Of the 200-odd logistics startups in the country, only 20 companies have been able to raise large rounds of money. According to YourStory research, logistics only had 28 deals in 2016 and deal sizes were smaller than in 2015. In 2015, ECom Express raised $133 million while Delhivery was able to raise close to $85 million.
Jones Lang Lasalle pegs the current market size of the industry at $150 billion, expecting it to grow to over 220 billion by 2030.
Anish Basu Roy, Co-founder of Shotang, a technology-led distribution company, says “One has to work directly with brands to price products cheaper for the retail ecosystem and reduce logistics costs by estimating demand. This is done with technology.”

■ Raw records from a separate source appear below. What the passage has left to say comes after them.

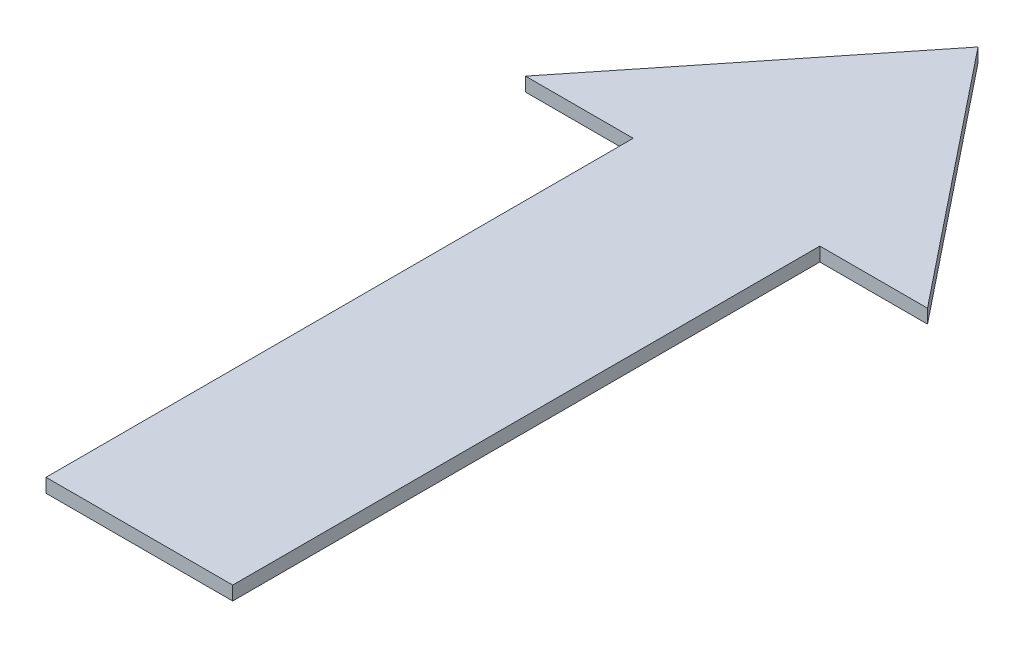
SolidWorks part; units mm, degrees
ref_plane "Front Plane" through (0, 0, 0) normal (0, 0, 1) x (1, 0, 0)
ref_plane "Top Plane" through (0, 0, 0) normal (0, 1, 0) x (1, 0, 0)
ref_plane "Right Plane" through (0, 0, 0) normal (1, 0, 0) x (0, 0, -1)
sketch "Sketch1" plane through (0, 0, 0) normal (0, 1, 0) x (1, 0, 0)
  line L0 (0, 0) -> (0, 42.4464)
  line L1 (0, 42.4464) -> (-7.7811, 42.4464)
  line L2 (-7.7811, 42.4464) -> (6.7476, 60.6257)
  line L3 (6.7476, 60.6257) -> (21.2762, 42.4464)
  line L4 (21.2762, 42.4464) -> (13.4951, 42.4464)
  line L5 (13.4951, 42.4464) -> (13.4951, 0)
  line L6 (13.4951, 0) -> (0, 0)
  line L7 (6.7476, 60.6257) -> (6.7476, 0) construction
  point P3 (6.7476, 60.6257)
  dimension "D1" = 42.4464
  dimension "D2" = 23.2717
  dimension "D3" = 13.4951
  dimension "D4" = 18.1794
extrude "Boss-Extrude1" add sketch "Sketch1" along normal blind 1
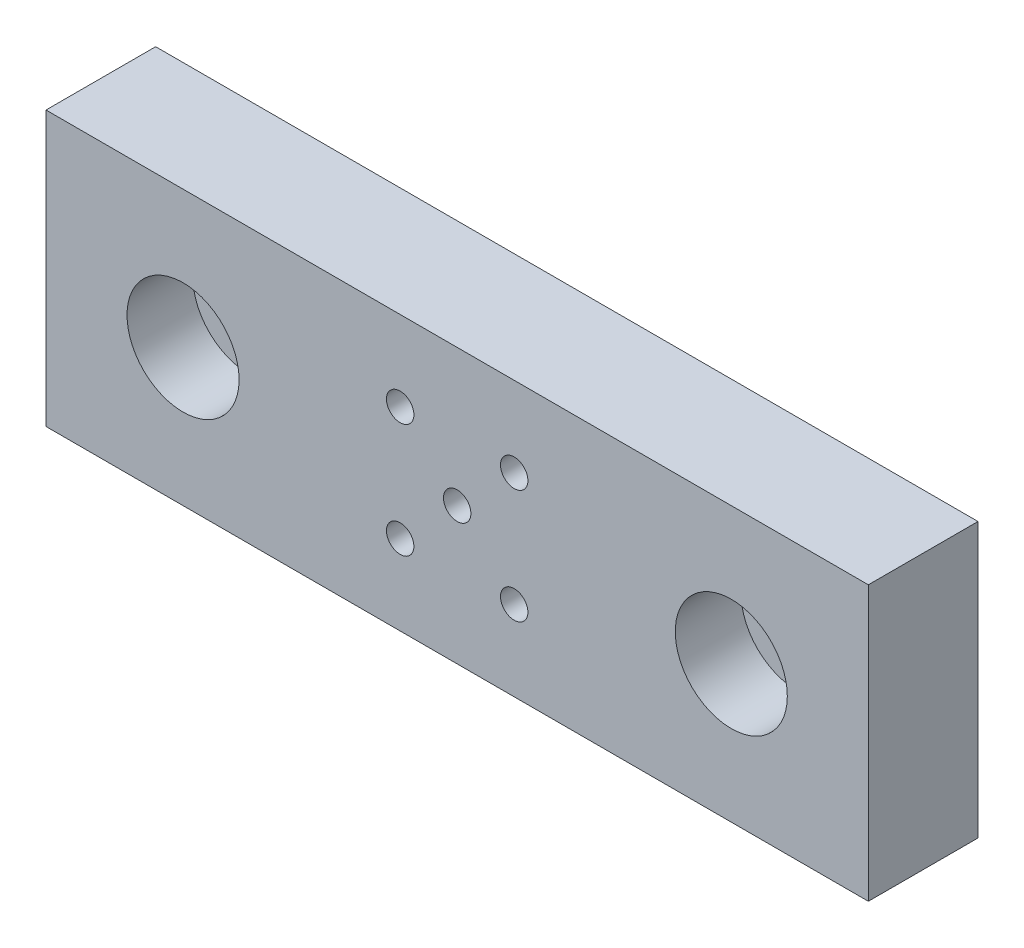
SolidWorks part; units mm, degrees
ref_plane "Front Plane" through (0, 0, 0) normal (0, 0, 1) x (1, 0, 0)
ref_plane "Top Plane" through (0, 0, 0) normal (0, 1, 0) x (1, 0, 0)
ref_plane "Right Plane" through (0, 0, 0) normal (1, 0, 0) x (0, 0, -1)
sketch "Sketch1" plane through (0, 0, 0) normal (0, 0, 1) x (1, 0, 0)
  line L0 (-48.6207, 0) -> (72.931, 0) construction
  line L1 (0, 34.4847) -> (0, -34.4847) construction
  line L2 (-37.5, 12.5) -> (37.5, 12.5)
  line L3 (-37.5, -12.5) -> (37.5, -12.5)
  line L4 (-37.5, 12.5) -> (-37.5, 0)
  line L5 (37.5, 12.5) -> (37.5, 0)
  line L10 (37.5, 0) -> (37.5, -12.5)
  line L11 (-37.5, 0) -> (-37.5, -12.5)
  circle A0 centre (-25, 0) radius 3.25
  circle A1 centre (25, 0) radius 3.25
  circle A4 centre (0, 0) radius 1.25
  circle A5 centre (-5.2, 5.2) radius 1.25
  circle A6 centre (5.2, 5.2) radius 1.25
  circle A7 centre (5.2, -5.2) radius 1.25
  circle A8 centre (-5.2, -5.2) radius 1.25
  dimension "D21" = 5.2
  dimension "D22" = 5.2
  dimension "D23" = 5.2
  dimension "D24" = 5.2
  dimension "D25" = 5.2
  dimension "D26" = 5.2
  dimension "D27" = 5.2
  dimension "D28" = 5.2
  dimension "D29" = 2.5
  dimension "D30" = 2.5
  dimension "D31" = 2.5
  dimension "D32" = 2.5
  dimension "D33" = 2.5
  dimension "D34" = 0
  dimension "D1" = 6.5
  dimension "D8" = 6.5
  dimension "D9" = 25
  dimension "D10" = 25
  dimension "D4" = 12.5
  dimension "D5" = 12.5
  dimension "D6" = 37.5
  dimension "D7" = 37.5
extrude "Boss-Extrude1" add sketch "Sketch1" along normal blind 10
cosmetic thread "Cosmetic Thread1" parameters "D2"=3
cosmetic thread "Cosmetic Thread2" parameters "D1"=5, "D2"=3
cosmetic thread "Cosmetic Thread3" parameters "D1"=5, "D2"=3
cosmetic thread "Cosmetic Thread4" parameters "D1"=5, "D2"=3
cosmetic thread "Cosmetic Thread5" parameters "D1"=5, "D2"=3
sketch "Sketch2" plane through (0, 0, 10) normal (0, 0, 1) x (1, 0, 0)
  circle A0 centre (-25, 0) radius 5.11
  circle A1 centre (25, 0) radius 5.11
  dimension "D1" = 10.22
  dimension "D2" = 10.22
extrude "Cut-Extrude1" cut sketch "Sketch2" against normal blind 6

According to research and consulting firm McKinsey, current wastage because of logistics is 4.3 percent of the GDP; it is expected to go towards 5 percent by 2020. The wastage is because of delays in movement across the country due to scarcity in the number of trucks in the country, tardy payments, no consistency in pricing and lack of good service level agreements.
Prakash Tulsiani, COO of All Cargo Logistics, a Rs 5,568-crore logistics company, says: “GST will rapidly change the way businesses work on their supply chain and how Indian companies export products. There will be a consolidation of warehouses and manufacturing plants. The business opportunity lies in helping these companies shape their supply chain strategy.”
The question to ask is whether the likes of DHL or Fedex will acquire Indian logistics startups or fund them. But before these global companies invest in them, there is a need to reduce the cash burn as none of the funded logistics companies are profitable. Investors have stepped in for the sheer size of the market, but one can only speculate whether they are playing to consolidate the industry or create value through innovation.